══ Data for processing
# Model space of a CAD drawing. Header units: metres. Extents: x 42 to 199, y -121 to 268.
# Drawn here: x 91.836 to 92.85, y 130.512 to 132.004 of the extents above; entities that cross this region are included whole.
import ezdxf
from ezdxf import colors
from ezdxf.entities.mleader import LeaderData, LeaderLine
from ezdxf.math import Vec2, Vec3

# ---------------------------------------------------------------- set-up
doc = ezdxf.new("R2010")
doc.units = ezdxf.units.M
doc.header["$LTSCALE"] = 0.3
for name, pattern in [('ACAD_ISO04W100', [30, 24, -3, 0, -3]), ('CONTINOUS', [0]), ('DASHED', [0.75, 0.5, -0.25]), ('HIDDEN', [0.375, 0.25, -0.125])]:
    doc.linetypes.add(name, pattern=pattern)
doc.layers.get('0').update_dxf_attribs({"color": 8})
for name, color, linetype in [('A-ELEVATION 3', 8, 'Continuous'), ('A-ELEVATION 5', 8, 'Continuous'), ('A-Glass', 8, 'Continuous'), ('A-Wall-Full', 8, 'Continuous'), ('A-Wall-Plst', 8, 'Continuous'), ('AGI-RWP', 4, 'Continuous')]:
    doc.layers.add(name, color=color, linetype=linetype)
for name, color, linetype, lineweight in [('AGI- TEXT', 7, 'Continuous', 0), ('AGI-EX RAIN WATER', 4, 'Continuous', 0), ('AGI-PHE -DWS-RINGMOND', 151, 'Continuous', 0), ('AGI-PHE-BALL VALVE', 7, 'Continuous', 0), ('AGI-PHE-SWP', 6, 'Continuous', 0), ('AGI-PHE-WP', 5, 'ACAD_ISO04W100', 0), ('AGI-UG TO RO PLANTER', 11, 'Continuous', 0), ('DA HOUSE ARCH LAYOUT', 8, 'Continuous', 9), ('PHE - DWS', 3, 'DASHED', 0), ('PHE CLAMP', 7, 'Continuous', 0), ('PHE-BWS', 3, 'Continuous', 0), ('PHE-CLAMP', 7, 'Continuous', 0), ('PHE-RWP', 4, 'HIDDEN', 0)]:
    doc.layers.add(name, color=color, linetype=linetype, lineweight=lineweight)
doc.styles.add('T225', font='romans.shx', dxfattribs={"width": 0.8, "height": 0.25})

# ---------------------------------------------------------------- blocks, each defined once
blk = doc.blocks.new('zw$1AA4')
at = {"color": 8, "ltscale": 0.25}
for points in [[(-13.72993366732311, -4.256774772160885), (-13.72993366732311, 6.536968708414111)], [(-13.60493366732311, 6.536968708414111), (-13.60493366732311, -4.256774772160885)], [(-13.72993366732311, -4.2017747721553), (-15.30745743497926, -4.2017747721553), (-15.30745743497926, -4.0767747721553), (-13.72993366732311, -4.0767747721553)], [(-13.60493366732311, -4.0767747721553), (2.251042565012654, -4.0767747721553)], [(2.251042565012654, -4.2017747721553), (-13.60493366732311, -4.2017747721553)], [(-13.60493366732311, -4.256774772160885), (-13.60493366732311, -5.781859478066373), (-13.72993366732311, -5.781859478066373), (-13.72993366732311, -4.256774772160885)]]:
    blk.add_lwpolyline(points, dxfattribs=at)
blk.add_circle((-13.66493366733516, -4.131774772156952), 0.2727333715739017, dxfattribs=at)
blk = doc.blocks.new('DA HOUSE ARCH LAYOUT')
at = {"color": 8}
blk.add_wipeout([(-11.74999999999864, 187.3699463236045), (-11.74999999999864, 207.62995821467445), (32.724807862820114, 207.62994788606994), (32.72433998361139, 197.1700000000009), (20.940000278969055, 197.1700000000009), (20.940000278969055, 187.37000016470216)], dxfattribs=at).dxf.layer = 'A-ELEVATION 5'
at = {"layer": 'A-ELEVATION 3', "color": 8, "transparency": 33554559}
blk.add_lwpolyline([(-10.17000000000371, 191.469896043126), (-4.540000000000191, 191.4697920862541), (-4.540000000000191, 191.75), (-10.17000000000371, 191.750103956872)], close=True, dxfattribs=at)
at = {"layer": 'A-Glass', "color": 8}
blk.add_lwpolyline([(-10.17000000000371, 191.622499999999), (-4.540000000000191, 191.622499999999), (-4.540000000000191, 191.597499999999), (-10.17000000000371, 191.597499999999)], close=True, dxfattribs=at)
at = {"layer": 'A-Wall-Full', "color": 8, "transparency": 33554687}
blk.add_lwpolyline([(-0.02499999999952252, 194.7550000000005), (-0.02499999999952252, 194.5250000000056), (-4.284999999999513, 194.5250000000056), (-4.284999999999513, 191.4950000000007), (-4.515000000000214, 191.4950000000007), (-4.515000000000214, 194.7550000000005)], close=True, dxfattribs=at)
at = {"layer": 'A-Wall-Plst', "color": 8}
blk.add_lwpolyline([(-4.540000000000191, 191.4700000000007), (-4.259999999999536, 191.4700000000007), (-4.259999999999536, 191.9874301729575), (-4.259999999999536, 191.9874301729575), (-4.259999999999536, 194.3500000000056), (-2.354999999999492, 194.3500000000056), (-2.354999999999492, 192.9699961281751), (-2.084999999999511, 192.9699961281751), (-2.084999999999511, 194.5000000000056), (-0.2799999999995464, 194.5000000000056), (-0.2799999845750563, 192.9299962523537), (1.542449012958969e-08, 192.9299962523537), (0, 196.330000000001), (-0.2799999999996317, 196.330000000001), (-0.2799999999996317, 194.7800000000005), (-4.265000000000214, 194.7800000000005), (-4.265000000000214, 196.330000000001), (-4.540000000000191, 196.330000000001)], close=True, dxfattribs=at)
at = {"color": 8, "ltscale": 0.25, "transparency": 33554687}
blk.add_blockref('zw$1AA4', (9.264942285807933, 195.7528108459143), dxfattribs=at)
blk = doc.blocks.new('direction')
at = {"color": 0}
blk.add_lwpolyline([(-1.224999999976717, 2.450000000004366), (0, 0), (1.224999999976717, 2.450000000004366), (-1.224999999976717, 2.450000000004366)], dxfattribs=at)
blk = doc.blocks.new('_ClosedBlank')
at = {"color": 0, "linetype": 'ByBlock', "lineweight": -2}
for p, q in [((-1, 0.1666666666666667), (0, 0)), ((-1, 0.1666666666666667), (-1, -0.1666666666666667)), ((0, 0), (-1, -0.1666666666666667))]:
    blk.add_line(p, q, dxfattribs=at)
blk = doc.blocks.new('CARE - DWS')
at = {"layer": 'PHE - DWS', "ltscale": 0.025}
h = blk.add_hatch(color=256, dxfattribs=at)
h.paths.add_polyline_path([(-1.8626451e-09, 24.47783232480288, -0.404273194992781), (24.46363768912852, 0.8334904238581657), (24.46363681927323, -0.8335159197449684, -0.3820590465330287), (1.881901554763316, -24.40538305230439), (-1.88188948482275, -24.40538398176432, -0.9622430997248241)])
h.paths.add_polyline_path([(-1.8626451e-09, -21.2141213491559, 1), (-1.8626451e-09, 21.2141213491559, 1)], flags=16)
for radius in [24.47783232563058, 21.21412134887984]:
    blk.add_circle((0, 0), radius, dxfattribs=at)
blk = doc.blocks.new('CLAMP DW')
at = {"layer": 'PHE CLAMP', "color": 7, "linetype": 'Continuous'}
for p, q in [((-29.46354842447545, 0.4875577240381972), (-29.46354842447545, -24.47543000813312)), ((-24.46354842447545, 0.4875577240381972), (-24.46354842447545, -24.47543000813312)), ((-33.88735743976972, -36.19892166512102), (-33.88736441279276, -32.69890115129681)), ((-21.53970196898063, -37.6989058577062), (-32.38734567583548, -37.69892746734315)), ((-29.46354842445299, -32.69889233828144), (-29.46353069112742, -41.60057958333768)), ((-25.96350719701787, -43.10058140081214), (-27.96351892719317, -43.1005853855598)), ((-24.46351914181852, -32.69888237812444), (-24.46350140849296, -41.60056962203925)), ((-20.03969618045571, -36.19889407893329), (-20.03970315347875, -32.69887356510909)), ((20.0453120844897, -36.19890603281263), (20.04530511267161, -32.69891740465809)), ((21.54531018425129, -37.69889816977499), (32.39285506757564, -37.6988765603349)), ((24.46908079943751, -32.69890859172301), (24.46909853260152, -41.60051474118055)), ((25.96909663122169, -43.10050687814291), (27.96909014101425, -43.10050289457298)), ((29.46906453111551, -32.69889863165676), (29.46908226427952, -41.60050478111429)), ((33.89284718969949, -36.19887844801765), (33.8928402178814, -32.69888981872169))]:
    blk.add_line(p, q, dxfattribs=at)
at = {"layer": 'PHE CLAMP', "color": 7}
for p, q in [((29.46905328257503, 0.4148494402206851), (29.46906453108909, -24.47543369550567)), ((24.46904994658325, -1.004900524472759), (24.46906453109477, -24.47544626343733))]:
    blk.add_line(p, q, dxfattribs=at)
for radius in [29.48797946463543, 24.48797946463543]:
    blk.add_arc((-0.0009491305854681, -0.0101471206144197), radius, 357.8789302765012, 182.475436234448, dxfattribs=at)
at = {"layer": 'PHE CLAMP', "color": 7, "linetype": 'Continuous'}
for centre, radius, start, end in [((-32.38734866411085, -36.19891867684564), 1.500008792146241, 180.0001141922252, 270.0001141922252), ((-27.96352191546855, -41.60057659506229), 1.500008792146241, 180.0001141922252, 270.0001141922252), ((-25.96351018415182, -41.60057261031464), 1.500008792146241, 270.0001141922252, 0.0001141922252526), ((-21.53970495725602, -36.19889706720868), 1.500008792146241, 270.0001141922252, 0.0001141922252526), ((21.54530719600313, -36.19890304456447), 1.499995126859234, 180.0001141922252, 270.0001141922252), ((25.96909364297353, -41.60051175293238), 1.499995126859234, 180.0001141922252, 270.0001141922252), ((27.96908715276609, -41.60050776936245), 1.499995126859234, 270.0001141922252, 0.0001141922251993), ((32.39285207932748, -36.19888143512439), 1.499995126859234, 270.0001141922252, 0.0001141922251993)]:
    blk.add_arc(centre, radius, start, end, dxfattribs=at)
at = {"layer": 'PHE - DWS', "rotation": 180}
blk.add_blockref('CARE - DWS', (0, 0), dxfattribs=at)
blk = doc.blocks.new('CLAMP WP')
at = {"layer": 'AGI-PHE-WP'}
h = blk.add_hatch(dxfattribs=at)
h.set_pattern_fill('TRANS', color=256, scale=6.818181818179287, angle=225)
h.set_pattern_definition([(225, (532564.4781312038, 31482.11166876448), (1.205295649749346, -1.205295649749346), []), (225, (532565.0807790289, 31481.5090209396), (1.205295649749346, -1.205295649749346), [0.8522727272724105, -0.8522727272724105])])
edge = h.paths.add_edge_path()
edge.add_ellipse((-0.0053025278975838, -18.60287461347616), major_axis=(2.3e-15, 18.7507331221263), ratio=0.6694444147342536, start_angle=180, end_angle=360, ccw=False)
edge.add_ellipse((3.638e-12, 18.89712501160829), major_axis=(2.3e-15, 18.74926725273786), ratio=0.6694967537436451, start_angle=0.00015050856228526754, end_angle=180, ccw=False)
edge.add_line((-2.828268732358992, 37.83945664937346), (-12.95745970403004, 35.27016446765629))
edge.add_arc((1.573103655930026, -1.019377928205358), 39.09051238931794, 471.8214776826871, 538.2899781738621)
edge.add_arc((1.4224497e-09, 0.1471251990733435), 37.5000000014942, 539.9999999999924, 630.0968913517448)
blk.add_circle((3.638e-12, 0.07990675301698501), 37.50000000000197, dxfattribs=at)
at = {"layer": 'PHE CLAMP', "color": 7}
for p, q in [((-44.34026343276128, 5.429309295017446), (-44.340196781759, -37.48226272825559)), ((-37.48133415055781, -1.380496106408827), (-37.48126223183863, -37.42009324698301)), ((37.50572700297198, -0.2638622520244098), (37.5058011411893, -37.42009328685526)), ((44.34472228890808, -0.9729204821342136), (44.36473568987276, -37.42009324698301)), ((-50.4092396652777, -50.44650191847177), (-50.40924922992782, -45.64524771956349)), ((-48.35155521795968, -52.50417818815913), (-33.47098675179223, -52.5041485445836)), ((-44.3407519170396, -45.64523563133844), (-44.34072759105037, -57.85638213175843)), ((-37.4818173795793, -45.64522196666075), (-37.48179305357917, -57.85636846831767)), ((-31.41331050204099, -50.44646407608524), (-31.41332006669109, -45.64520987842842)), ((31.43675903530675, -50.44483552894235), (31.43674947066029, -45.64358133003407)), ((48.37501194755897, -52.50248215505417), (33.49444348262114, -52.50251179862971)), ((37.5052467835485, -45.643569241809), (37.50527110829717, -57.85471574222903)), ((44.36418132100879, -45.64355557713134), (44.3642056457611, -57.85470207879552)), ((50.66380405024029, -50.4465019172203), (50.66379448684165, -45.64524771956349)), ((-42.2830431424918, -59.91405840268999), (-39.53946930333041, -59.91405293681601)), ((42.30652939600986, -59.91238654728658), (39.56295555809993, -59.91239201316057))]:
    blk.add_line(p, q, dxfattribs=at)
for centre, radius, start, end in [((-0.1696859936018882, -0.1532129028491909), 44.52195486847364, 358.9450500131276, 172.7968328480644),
════
*Task item*
Write out exactly, please, the lines beginning at the start of the material and ending with the line that holds "doc.layers.add(name, color=color, linetype=linetype)", both included.

*Problem solution*
# Model space of a CAD drawing. Header units: metres. Extents: x 42 to 199, y -121 to 268.
# Drawn here: x 91.836 to 92.85, y 130.512 to 132.004 of the extents above; entities that cross this region are included whole.
import ezdxf
from ezdxf import colors
from ezdxf.entities.mleader import LeaderData, LeaderLine
from ezdxf.math import Vec2, Vec3

# ---------------------------------------------------------------- set-up
doc = ezdxf.new("R2010")
doc.units = ezdxf.units.M
doc.header["$LTSCALE"] = 0.3
for name, pattern in [('ACAD_ISO04W100', [30, 24, -3, 0, -3]), ('CONTINOUS', [0]), ('DASHED', [0.75, 0.5, -0.25]), ('HIDDEN', [0.375, 0.25, -0.125])]:
    doc.linetypes.add(name, pattern=pattern)
doc.layers.get('0').update_dxf_attribs({"color": 8})
for name, color, linetype in [('A-ELEVATION 3', 8, 'Continuous'), ('A-ELEVATION 5', 8, 'Continuous'), ('A-Glass', 8, 'Continuous'), ('A-Wall-Full', 8, 'Continuous'), ('A-Wall-Plst', 8, 'Continuous'), ('AGI-RWP', 4, 'Continuous')]:
    doc.layers.add(name, color=color, linetype=linetype)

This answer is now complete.